Print each of the entries exactly, leaving nothing out.

> **Materials provided**:
○ ○ ○ ○

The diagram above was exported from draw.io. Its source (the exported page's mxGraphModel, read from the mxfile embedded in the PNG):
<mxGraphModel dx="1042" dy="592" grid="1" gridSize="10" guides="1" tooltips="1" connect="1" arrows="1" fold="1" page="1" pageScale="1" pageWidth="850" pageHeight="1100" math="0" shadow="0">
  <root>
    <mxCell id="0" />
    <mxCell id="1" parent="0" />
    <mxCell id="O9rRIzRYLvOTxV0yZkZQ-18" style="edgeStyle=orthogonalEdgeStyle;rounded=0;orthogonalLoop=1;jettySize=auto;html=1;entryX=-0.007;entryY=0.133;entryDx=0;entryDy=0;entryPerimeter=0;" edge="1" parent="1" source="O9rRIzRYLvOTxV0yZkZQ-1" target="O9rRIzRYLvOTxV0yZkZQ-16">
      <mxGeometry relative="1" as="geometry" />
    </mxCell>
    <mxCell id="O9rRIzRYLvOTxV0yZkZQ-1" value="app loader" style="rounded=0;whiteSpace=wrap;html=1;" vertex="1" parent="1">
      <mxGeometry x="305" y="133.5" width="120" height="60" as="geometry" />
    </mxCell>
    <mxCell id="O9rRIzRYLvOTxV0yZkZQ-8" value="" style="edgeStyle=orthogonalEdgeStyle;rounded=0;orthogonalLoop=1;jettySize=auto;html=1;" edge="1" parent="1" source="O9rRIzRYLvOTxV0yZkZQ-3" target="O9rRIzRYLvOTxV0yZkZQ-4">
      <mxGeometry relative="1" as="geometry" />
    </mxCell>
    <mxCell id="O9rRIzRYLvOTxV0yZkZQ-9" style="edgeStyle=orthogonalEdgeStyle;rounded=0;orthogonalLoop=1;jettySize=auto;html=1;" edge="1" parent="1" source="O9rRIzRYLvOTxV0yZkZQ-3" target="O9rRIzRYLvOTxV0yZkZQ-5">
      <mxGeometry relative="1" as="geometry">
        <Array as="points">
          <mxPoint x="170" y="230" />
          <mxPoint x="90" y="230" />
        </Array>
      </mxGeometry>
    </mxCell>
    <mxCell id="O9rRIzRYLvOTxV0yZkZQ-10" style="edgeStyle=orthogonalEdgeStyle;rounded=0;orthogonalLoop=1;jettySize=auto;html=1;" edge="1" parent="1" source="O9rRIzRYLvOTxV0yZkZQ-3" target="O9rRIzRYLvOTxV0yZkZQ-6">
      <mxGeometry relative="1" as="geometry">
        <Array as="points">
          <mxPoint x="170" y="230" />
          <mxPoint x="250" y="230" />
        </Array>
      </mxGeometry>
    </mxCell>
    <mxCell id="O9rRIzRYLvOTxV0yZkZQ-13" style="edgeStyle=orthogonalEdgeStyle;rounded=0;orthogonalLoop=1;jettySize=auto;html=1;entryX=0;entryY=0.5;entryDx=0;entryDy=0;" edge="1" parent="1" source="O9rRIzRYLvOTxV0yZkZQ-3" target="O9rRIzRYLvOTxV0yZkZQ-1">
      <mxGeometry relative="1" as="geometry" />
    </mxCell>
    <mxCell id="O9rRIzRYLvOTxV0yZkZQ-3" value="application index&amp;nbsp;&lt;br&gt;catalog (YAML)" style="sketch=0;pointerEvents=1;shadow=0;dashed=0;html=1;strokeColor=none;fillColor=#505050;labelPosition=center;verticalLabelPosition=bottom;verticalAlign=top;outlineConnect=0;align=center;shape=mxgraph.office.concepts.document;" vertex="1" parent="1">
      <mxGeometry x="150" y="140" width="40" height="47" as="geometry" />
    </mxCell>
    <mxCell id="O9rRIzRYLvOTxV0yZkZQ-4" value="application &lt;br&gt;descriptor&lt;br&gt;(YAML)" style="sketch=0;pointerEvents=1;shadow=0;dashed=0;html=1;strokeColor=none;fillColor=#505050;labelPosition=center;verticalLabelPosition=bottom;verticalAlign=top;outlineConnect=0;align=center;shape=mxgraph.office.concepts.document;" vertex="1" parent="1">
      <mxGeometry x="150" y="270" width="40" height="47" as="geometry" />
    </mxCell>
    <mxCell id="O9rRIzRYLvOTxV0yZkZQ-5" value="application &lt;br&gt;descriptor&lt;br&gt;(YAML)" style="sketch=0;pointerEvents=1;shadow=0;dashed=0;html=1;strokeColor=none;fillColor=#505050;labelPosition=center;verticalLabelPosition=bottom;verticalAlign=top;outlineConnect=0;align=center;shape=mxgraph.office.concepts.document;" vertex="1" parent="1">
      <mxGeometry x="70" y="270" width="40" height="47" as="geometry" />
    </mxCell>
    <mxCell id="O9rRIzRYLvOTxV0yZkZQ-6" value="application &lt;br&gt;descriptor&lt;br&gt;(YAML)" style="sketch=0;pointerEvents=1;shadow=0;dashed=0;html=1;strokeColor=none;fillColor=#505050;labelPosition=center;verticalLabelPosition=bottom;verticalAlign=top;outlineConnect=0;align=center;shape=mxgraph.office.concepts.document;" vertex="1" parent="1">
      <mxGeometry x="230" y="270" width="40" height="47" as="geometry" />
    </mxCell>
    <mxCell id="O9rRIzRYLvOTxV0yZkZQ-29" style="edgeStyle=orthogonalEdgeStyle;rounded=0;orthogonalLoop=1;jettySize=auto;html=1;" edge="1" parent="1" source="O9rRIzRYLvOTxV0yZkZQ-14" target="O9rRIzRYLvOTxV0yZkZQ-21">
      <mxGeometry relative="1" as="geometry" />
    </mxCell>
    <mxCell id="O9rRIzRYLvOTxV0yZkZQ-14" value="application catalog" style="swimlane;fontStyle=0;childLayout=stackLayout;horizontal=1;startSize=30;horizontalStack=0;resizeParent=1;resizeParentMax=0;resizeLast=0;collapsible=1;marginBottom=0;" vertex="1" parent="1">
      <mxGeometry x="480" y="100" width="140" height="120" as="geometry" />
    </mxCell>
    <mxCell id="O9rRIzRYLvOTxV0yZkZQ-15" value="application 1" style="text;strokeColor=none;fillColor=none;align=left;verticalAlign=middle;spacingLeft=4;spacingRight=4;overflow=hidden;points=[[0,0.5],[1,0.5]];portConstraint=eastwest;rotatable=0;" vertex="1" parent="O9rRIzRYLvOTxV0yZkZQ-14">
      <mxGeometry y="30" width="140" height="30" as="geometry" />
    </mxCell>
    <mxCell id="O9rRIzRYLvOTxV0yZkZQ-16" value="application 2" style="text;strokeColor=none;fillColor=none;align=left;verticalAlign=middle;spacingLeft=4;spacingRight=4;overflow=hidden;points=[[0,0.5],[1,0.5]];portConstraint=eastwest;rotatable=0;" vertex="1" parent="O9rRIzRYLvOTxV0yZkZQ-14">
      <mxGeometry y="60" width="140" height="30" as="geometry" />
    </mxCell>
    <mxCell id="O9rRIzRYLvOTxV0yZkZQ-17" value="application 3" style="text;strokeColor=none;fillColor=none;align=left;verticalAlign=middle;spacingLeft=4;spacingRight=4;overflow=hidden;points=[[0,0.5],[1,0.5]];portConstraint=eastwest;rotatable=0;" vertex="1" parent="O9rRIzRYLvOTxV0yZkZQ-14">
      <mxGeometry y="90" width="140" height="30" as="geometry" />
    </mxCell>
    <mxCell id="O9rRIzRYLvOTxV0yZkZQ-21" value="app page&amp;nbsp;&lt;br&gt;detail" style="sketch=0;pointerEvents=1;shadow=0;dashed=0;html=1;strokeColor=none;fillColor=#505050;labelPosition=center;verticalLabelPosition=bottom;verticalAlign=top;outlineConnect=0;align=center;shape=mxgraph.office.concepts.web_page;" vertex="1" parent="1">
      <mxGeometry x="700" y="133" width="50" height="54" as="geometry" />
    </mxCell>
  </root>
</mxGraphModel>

○ ○ ○ ○

> **Answer space**:
The diagram above was exported from draw.io. Its source (the exported page's mxGraphModel, read from the mxfile embedded in the PNG):
<mxGraphModel dx="1042" dy="592" grid="1" gridSize="10" guides="1" tooltips="1" connect="1" arrows="1" fold="1" page="1" pageScale="1" pageWidth="850" pageHeight="1100" math="0" shadow="0">
  <root>
    <mxCell id="0" />
    <mxCell id="1" parent="0" />
    <mxCell id="O9rRIzRYLvOTxV0yZkZQ-18" style="edgeStyle=orthogonalEdgeStyle;rounded=0;orthogonalLoop=1;jettySize=auto;html=1;entryX=-0.007;entryY=0.133;entryDx=0;entryDy=0;entryPerimeter=0;" edge="1" parent="1" source="O9rRIzRYLvOTxV0yZkZQ-1" target="O9rRIzRYLvOTxV0yZkZQ-16">
      <mxGeometry relative="1" as="geometry" />
    </mxCell>
    <mxCell id="O9rRIzRYLvOTxV0yZkZQ-1" value="app loader" style="rounded=0;whiteSpace=wrap;html=1;" vertex="1" parent="1">
      <mxGeometry x="305" y="133.5" width="120" height="60" as="geometry" />
    </mxCell>
    <mxCell id="O9rRIzRYLvOTxV0yZkZQ-8" value="" style="edgeStyle=orthogonalEdgeStyle;rounded=0;orthogonalLoop=1;jettySize=auto;html=1;" edge="1" parent="1" source="O9rRIzRYLvOTxV0yZkZQ-3" target="O9rRIzRYLvOTxV0yZkZQ-4">
      <mxGeometry relative="1" as="geometry" />
    </mxCell>
    <mxCell id="O9rRIzRYLvOTxV0yZkZQ-9" style="edgeStyle=orthogonalEdgeStyle;rounded=0;orthogonalLoop=1;jettySize=auto;html=1;" edge="1" parent="1" source="O9rRIzRYLvOTxV0yZkZQ-3" target="O9rRIzRYLvOTxV0yZkZQ-5">
      <mxGeometry relative="1" as="geometry">
        <Array as="points">
          <mxPoint x="170" y="230" />
          <mxPoint x="90" y="230" />
        </Array>
      </mxGeometry>
    </mxCell>
    <mxCell id="O9rRIzRYLvOTxV0yZkZQ-10" style="edgeStyle=orthogonalEdgeStyle;rounded=0;orthogonalLoop=1;jettySize=auto;html=1;" edge="1" parent="1" source="O9rRIzRYLvOTxV0yZkZQ-3" target="O9rRIzRYLvOTxV0yZkZQ-6">
      <mxGeometry relative="1" as="geometry">
        <Array as="points">
          <mxPoint x="170" y="230" />
          <mxPoint x="250" y="230" />
        </Array>
      </mxGeometry>
    </mxCell>
    <mxCell id="O9rRIzRYLvOTxV0yZkZQ-13" style="edgeStyle=orthogonalEdgeStyle;rounded=0;orthogonalLoop=1;jettySize=auto;html=1;entryX=0;entryY=0.5;entryDx=0;entryDy=0;" edge="1" parent="1" source="O9rRIzRYLvOTxV0yZkZQ-3" target="O9rRIzRYLvOTxV0yZkZQ-1">
      <mxGeometry relative="1" as="geometry" />
    </mxCell>
    <mxCell id="O9rRIzRYLvOTxV0yZkZQ-3" value="application index&amp;nbsp;&lt;br&gt;catalog (YAML)" style="sketch=0;pointerEvents=1;shadow=0;dashed=0;html=1;strokeColor=none;fillColor=#505050;labelPosition=center;verticalLabelPosition=bottom;verticalAlign=top;outlineConnect=0;align=center;shape=mxgraph.office.concepts.document;" vertex="1" parent="1">
      <mxGeometry x="150" y="140" width="40" height="47" as="geometry" />
    </mxCell>
    <mxCell id="O9rRIzRYLvOTxV0yZkZQ-4" value="application &lt;br&gt;descriptor&lt;br&gt;(YAML)" style="sketch=0;pointerEvents=1;shadow=0;dashed=0;html=1;strokeColor=none;fillColor=#505050;labelPosition=center;verticalLabelPosition=bottom;verticalAlign=top;outlineConnect=0;align=center;shape=mxgraph.office.concepts.document;" vertex="1" parent="1">
      <mxGeometry x="150" y="270" width="40" height="47" as="geometry" />
    </mxCell>
    <mxCell id="O9rRIzRYLvOTxV0yZkZQ-5" value="application &lt;br&gt;descriptor&lt;br&gt;(YAML)" style="sketch=0;pointerEvents=1;shadow=0;dashed=0;html=1;strokeColor=none;fillColor=#505050;labelPosition=center;verticalLabelPosition=bottom;verticalAlign=top;outlineConnect=0;align=center;shape=mxgraph.office.concepts.document;" vertex="1" parent="1">
      <mxGeometry x="70" y="270" width="40" height="47" as="geometry" />
    </mxCell>
    <mxCell id="O9rRIzRYLvOTxV0yZkZQ-6" value="application &lt;br&gt;descriptor&lt;br&gt;(YAML)" style="sketch=0;pointerEvents=1;shadow=0;dashed=0;html=1;strokeColor=none;fillColor=#505050;labelPosition=center;verticalLabelPosition=bottom;verticalAlign=top;outlineConnect=0;align=center;shape=mxgraph.office.concepts.document;" vertex="1" parent="1">
      <mxGeometry x="230" y="270" width="40" height="47" as="geometry" />
    </mxCell>
    <mxCell id="O9rRIzRYLvOTxV0yZkZQ-29" style="edgeStyle=orthogonalEdgeStyle;rounded=0;orthogonalLoop=1;jettySize=auto;html=1;" edge="1" parent="1" source="O9rRIzRYLvOTxV0yZkZQ-14" target="O9rRIzRYLvOTxV0yZkZQ-21">
      <mxGeometry relative="1" as="geometry" />
    </mxCell>
    <mxCell id="O9rRIzRYLvOTxV0yZkZQ-14" value="application catalog" style="swimlane;fontStyle=0;childLayout=stackLayout;horizontal=1;startSize=30;horizontalStack=0;resizeParent=1;resizeParentMax=0;resizeLast=0;collapsible=1;marginBottom=0;" vertex="1" parent="1">
      <mxGeometry x="480" y="100" width="140" height="120" as="geometry" />
    </mxCell>
    <mxCell id="O9rRIzRYLvOTxV0yZkZQ-15" value="application 1" style="text;strokeColor=none;fillColor=none;align=left;verticalAlign=middle;spacingLeft=4;spacingRight=4;overflow=hidden;points=[[0,0.5],[1,0.5]];portConstraint=eastwest;rotatable=0;" vertex="1" parent="O9rRIzRYLvOTxV0yZkZQ-14">
      <mxGeometry y="30" width="140" height="30" as="geometry" />
    </mxCell>
    <mxCell id="O9rRIzRYLvOTxV0yZkZQ-16" value="application 2" style="text;strokeColor=none;fillColor=none;align=left;verticalAlign=middle;spacingLeft=4;spacingRight=4;overflow=hidden;points=[[0,0.5],[1,0.5]];portConstraint=eastwest;rotatable=0;" vertex="1" parent="O9rRIzRYLvOTxV0yZkZQ-14">
      <mxGeometry y="60" width="140" height="30" as="geometry" />
    </mxCell>
    <mxCell id="O9rRIzRYLvOTxV0yZkZQ-17" value="application 3" style="text;strokeColor=none;fillColor=none;align=left;verticalAlign=middle;spacingLeft=4;spacingRight=4;overflow=hidden;points=[[0,0.5],[1,0.5]];portConstraint=eastwest;rotatable=0;" vertex="1" parent="O9rRIzRYLvOTxV0yZkZQ-14">
      <mxGeometry y="90" width="140" height="30" as="geometry" />
    </mxCell>
    <mxCell id="O9rRIzRYLvOTxV0yZkZQ-21" value="app page&amp;nbsp;&lt;br&gt;detail" style="sketch=0;pointerEvents=1;shadow=0;dashed=0;html=1;strokeColor=none;fillColor=#505050;labelPosition=center;verticalLabelPosition=bottom;verticalAlign=top;outlineConnect=0;align=center;shape=mxgraph.office.concepts.web_page;" vertex="1" parent="1">
      <mxGeometry x="700" y="133" width="50" height="54" as="geometry" />
    </mxCell>
  </root>
</mxGraphModel>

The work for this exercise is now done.